Task instructions -
Run through the records and show each line that includes the string "units".

Dataset records
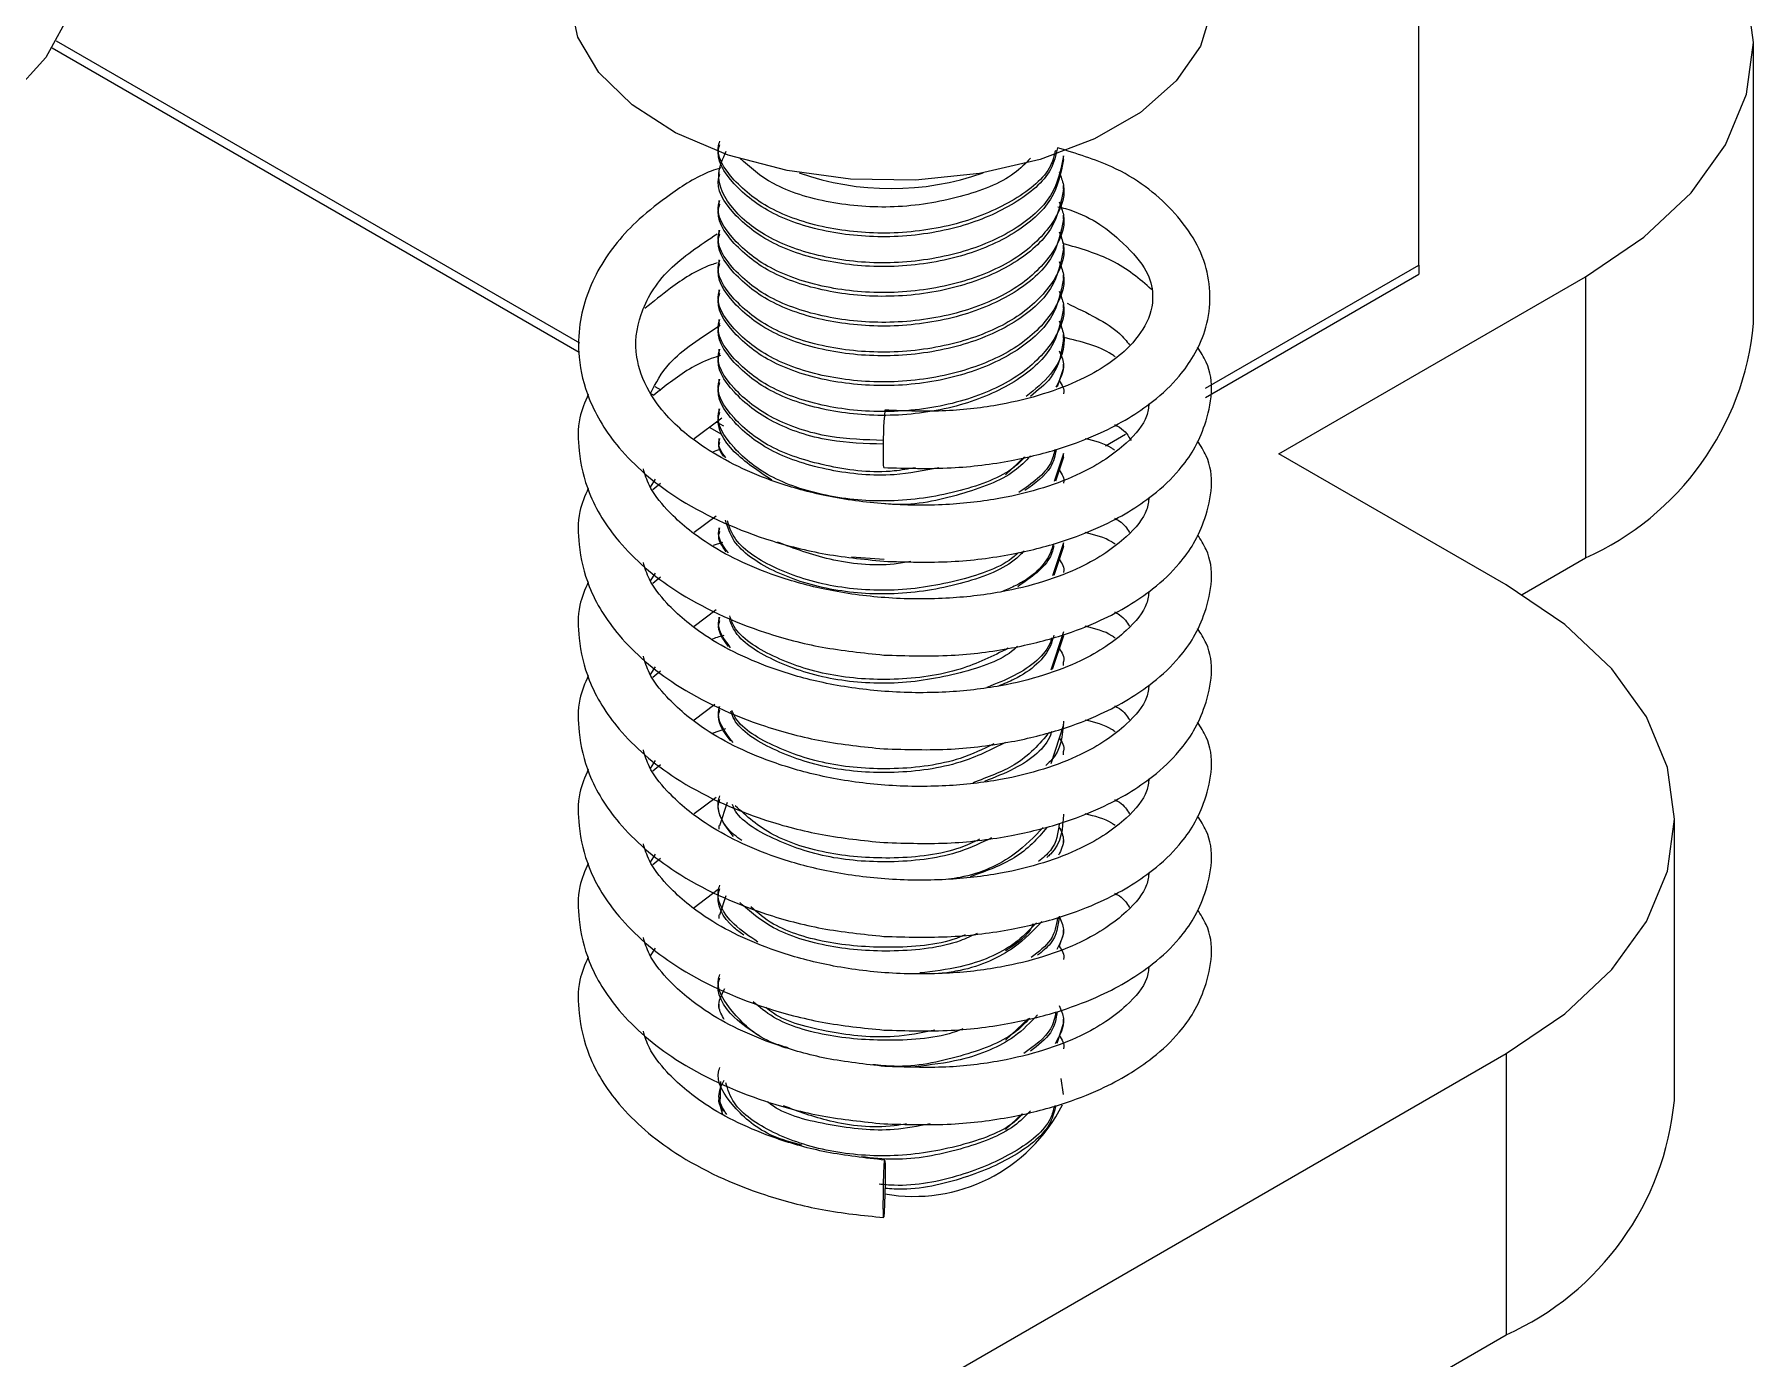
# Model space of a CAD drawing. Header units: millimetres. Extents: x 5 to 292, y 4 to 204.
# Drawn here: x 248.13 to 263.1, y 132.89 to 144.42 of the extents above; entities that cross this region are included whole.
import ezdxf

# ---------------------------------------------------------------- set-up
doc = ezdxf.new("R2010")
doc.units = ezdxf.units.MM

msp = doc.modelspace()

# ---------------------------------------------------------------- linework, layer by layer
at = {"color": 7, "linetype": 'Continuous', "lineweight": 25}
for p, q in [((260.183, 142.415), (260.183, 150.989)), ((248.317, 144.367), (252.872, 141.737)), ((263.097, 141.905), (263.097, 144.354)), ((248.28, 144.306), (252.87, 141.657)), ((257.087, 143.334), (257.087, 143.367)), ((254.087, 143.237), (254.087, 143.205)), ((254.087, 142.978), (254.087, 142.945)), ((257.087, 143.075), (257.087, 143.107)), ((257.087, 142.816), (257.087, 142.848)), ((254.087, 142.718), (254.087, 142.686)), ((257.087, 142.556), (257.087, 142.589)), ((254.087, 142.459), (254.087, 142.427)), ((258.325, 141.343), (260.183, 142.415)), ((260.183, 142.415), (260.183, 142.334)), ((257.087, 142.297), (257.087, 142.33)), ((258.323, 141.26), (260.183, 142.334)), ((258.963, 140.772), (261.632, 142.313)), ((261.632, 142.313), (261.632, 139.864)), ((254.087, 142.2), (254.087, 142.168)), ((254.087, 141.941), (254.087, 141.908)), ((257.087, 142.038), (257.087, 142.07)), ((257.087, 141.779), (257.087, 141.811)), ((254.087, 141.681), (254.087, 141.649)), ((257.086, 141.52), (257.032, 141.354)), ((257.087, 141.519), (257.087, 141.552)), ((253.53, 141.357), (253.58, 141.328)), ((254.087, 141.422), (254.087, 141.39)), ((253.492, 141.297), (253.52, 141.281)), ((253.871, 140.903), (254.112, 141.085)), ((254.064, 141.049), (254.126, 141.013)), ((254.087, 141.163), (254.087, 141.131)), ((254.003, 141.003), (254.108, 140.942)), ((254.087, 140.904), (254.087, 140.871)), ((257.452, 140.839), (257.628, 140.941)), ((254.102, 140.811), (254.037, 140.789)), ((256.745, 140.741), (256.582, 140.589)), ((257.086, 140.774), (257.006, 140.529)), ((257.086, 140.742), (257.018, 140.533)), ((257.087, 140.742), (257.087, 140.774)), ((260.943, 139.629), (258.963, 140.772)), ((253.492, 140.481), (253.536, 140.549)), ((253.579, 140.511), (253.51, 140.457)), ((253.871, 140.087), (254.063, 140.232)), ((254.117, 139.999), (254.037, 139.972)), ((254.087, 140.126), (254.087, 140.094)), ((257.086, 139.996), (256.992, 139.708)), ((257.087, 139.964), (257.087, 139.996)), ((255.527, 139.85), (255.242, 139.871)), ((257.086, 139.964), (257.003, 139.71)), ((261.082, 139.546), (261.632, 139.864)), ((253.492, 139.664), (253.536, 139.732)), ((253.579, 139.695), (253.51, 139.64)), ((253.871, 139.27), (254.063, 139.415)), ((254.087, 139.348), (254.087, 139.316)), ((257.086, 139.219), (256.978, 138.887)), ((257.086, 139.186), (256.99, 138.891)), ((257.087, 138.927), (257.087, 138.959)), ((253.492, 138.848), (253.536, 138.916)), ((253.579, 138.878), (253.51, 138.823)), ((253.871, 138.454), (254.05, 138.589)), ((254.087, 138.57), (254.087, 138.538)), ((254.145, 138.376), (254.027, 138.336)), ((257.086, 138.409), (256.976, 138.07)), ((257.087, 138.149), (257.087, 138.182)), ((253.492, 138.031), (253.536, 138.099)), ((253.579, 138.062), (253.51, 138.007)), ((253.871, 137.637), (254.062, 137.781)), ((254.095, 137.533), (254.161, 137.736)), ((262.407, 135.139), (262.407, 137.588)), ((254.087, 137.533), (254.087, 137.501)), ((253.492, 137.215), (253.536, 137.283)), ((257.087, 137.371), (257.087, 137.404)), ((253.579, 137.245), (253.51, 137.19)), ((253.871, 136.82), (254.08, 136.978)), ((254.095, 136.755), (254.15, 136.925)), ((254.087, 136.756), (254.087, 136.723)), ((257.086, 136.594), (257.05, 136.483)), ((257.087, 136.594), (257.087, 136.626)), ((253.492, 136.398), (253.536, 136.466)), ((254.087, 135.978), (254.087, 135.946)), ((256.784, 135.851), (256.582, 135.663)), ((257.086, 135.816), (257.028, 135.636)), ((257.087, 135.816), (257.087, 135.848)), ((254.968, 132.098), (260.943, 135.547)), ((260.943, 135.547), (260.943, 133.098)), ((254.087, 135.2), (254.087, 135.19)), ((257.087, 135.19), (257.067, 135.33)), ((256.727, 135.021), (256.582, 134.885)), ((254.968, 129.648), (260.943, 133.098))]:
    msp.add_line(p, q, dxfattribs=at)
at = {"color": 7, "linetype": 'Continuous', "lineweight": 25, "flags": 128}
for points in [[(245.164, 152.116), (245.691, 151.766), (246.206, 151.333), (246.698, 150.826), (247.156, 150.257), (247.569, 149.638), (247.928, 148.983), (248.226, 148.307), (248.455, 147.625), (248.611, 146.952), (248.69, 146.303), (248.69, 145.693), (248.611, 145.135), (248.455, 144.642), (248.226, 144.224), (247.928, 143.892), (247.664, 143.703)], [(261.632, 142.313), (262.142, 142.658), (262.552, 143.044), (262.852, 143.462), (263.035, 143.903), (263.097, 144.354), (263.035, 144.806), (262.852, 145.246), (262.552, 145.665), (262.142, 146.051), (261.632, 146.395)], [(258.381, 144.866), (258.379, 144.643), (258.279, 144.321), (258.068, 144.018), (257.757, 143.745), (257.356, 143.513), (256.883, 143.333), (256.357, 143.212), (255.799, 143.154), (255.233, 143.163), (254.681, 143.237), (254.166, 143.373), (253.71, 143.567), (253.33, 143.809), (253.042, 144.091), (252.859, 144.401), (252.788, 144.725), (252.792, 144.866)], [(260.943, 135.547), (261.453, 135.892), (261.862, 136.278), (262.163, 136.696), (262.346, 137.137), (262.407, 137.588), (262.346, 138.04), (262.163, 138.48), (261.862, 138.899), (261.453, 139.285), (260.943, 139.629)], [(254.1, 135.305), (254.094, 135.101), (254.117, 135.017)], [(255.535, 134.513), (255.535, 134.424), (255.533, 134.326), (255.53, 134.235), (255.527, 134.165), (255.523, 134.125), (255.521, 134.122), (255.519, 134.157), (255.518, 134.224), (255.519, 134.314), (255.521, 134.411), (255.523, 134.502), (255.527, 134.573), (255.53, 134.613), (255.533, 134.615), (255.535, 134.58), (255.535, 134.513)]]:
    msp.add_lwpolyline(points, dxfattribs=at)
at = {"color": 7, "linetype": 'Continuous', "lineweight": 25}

The answer -
# Model space of a CAD drawing. Header units: millimetres. Extents: x 5 to 292, y 4 to 204.
doc.units = ezdxf.units.MM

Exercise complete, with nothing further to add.